Task >> Only those lines running from the start of the listing below through the line that holds "settings OptimizationCC: EfficientMapNaN2IntZero=off" are to be written out, exactly and in full.

Data to process >>
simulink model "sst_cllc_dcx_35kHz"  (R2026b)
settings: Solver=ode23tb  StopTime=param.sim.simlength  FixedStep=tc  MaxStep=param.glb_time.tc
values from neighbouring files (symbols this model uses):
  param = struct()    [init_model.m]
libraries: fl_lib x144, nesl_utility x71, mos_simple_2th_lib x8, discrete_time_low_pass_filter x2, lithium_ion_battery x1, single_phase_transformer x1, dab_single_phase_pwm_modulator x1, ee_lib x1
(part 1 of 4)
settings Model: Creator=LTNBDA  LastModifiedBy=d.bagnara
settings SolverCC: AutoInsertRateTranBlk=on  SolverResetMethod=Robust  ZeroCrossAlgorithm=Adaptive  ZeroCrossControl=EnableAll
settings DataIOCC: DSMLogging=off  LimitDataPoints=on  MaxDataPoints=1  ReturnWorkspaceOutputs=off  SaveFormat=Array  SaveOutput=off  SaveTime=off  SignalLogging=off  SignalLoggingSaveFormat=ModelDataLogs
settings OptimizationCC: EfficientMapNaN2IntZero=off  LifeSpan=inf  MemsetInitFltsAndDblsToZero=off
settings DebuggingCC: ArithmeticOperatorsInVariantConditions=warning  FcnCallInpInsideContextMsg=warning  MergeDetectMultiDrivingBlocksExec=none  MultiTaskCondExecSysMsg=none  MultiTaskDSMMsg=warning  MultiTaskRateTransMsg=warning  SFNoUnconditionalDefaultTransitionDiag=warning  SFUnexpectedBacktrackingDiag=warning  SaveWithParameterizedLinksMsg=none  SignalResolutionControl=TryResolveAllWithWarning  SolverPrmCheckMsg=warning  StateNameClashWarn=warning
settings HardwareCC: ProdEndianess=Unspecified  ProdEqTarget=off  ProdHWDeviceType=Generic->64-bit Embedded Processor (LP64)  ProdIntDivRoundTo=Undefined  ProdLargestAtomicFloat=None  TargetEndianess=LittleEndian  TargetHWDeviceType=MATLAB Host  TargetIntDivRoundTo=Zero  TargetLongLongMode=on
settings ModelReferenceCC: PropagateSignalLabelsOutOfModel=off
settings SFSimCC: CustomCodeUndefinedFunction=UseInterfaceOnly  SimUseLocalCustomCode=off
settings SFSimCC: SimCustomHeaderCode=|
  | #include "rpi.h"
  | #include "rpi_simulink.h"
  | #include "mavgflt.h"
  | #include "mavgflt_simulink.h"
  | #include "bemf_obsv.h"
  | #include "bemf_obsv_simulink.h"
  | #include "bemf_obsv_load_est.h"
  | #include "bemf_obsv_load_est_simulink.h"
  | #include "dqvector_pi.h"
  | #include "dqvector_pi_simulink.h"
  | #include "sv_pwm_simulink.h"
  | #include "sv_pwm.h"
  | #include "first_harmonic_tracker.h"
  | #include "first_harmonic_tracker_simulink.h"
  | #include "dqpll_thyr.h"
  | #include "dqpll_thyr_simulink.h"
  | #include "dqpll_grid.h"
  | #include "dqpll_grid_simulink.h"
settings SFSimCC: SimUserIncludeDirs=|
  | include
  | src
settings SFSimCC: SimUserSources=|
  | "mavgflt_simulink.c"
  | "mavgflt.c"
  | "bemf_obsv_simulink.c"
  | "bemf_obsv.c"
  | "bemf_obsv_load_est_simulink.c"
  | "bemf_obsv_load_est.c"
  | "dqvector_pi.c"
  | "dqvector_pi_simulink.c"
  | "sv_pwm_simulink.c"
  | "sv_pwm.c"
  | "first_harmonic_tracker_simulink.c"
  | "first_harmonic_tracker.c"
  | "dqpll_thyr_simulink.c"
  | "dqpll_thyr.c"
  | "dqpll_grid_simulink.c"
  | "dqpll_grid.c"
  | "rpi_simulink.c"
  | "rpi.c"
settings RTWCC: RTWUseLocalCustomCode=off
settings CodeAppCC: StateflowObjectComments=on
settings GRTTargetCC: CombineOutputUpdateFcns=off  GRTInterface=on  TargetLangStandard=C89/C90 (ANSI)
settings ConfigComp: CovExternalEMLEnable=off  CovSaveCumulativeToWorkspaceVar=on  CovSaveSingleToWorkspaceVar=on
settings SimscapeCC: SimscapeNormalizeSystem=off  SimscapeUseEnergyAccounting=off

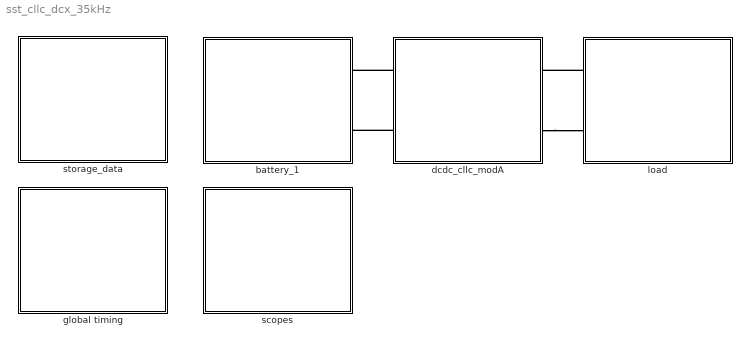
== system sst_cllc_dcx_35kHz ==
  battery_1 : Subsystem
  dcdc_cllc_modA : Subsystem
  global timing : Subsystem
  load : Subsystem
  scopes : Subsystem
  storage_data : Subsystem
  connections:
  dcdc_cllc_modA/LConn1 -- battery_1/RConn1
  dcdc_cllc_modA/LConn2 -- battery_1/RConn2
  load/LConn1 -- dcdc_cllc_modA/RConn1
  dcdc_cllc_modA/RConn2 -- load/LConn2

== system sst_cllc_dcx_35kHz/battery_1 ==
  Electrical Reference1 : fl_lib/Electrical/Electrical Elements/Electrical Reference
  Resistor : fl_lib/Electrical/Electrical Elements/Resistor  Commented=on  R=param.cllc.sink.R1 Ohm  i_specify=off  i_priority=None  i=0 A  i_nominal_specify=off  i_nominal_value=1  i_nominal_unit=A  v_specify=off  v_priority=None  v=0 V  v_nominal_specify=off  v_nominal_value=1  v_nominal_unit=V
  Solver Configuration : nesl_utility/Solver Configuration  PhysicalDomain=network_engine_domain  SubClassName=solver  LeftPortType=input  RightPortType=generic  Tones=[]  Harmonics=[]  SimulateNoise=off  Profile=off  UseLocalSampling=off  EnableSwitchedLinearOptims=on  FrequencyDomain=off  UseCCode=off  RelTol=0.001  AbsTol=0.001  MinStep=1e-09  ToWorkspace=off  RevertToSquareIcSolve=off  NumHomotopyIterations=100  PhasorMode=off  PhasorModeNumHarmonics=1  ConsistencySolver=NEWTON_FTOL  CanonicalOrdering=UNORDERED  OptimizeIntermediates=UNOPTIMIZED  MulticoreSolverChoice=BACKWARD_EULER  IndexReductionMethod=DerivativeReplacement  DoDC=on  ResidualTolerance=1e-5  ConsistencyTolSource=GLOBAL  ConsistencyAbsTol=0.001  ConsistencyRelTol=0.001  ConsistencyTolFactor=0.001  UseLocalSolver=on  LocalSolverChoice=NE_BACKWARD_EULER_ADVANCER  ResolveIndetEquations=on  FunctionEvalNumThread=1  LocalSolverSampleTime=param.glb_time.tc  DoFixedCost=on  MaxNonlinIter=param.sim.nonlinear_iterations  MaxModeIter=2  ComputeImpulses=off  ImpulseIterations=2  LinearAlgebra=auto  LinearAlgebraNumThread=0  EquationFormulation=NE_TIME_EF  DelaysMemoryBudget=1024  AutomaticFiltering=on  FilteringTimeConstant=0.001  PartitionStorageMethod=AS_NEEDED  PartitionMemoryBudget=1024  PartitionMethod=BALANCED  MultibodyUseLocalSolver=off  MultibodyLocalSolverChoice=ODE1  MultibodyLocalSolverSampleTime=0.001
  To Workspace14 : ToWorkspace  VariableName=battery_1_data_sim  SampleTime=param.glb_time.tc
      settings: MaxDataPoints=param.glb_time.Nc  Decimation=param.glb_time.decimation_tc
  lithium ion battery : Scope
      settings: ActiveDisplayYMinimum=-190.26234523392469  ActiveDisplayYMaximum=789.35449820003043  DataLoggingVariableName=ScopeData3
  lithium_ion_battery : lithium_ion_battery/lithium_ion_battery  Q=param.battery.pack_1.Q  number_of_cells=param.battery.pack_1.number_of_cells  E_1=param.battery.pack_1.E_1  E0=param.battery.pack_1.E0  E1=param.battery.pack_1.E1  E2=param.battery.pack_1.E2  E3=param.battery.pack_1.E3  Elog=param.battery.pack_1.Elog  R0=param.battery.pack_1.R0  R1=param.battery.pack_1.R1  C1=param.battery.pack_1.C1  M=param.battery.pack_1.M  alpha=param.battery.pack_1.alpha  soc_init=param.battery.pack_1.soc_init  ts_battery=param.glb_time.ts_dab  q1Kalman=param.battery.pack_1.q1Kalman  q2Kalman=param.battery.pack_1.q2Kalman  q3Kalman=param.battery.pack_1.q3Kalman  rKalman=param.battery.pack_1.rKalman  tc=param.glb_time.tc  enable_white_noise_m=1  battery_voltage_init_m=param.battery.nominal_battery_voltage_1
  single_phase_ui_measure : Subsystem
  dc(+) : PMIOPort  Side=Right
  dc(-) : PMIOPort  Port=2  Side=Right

Task solution >>
simulink model "sst_cllc_dcx_35kHz"  (R2026b)
settings: Solver=ode23tb  StopTime=param.sim.simlength  FixedStep=tc  MaxStep=param.glb_time.tc
values from neighbouring files (symbols this model uses):
  param = struct()    [init_model.m]
libraries: fl_lib x144, nesl_utility x71, mos_simple_2th_lib x8, discrete_time_low_pass_filter x2, lithium_ion_battery x1, single_phase_transformer x1, dab_single_phase_pwm_modulator x1, ee_lib x1
(part 1 of 4)
settings Model: Creator=LTNBDA  LastModifiedBy=d.bagnara
settings SolverCC: AutoInsertRateTranBlk=on  SolverResetMethod=Robust  ZeroCrossAlgorithm=Adaptive  ZeroCrossControl=EnableAll
settings DataIOCC: DSMLogging=off  LimitDataPoints=on  MaxDataPoints=1  ReturnWorkspaceOutputs=off  SaveFormat=Array  SaveOutput=off  SaveTime=off  SignalLogging=off  SignalLoggingSaveFormat=ModelDataLogs
settings OptimizationCC: EfficientMapNaN2IntZero=off  LifeSpan=inf  MemsetInitFltsAndDblsToZero=off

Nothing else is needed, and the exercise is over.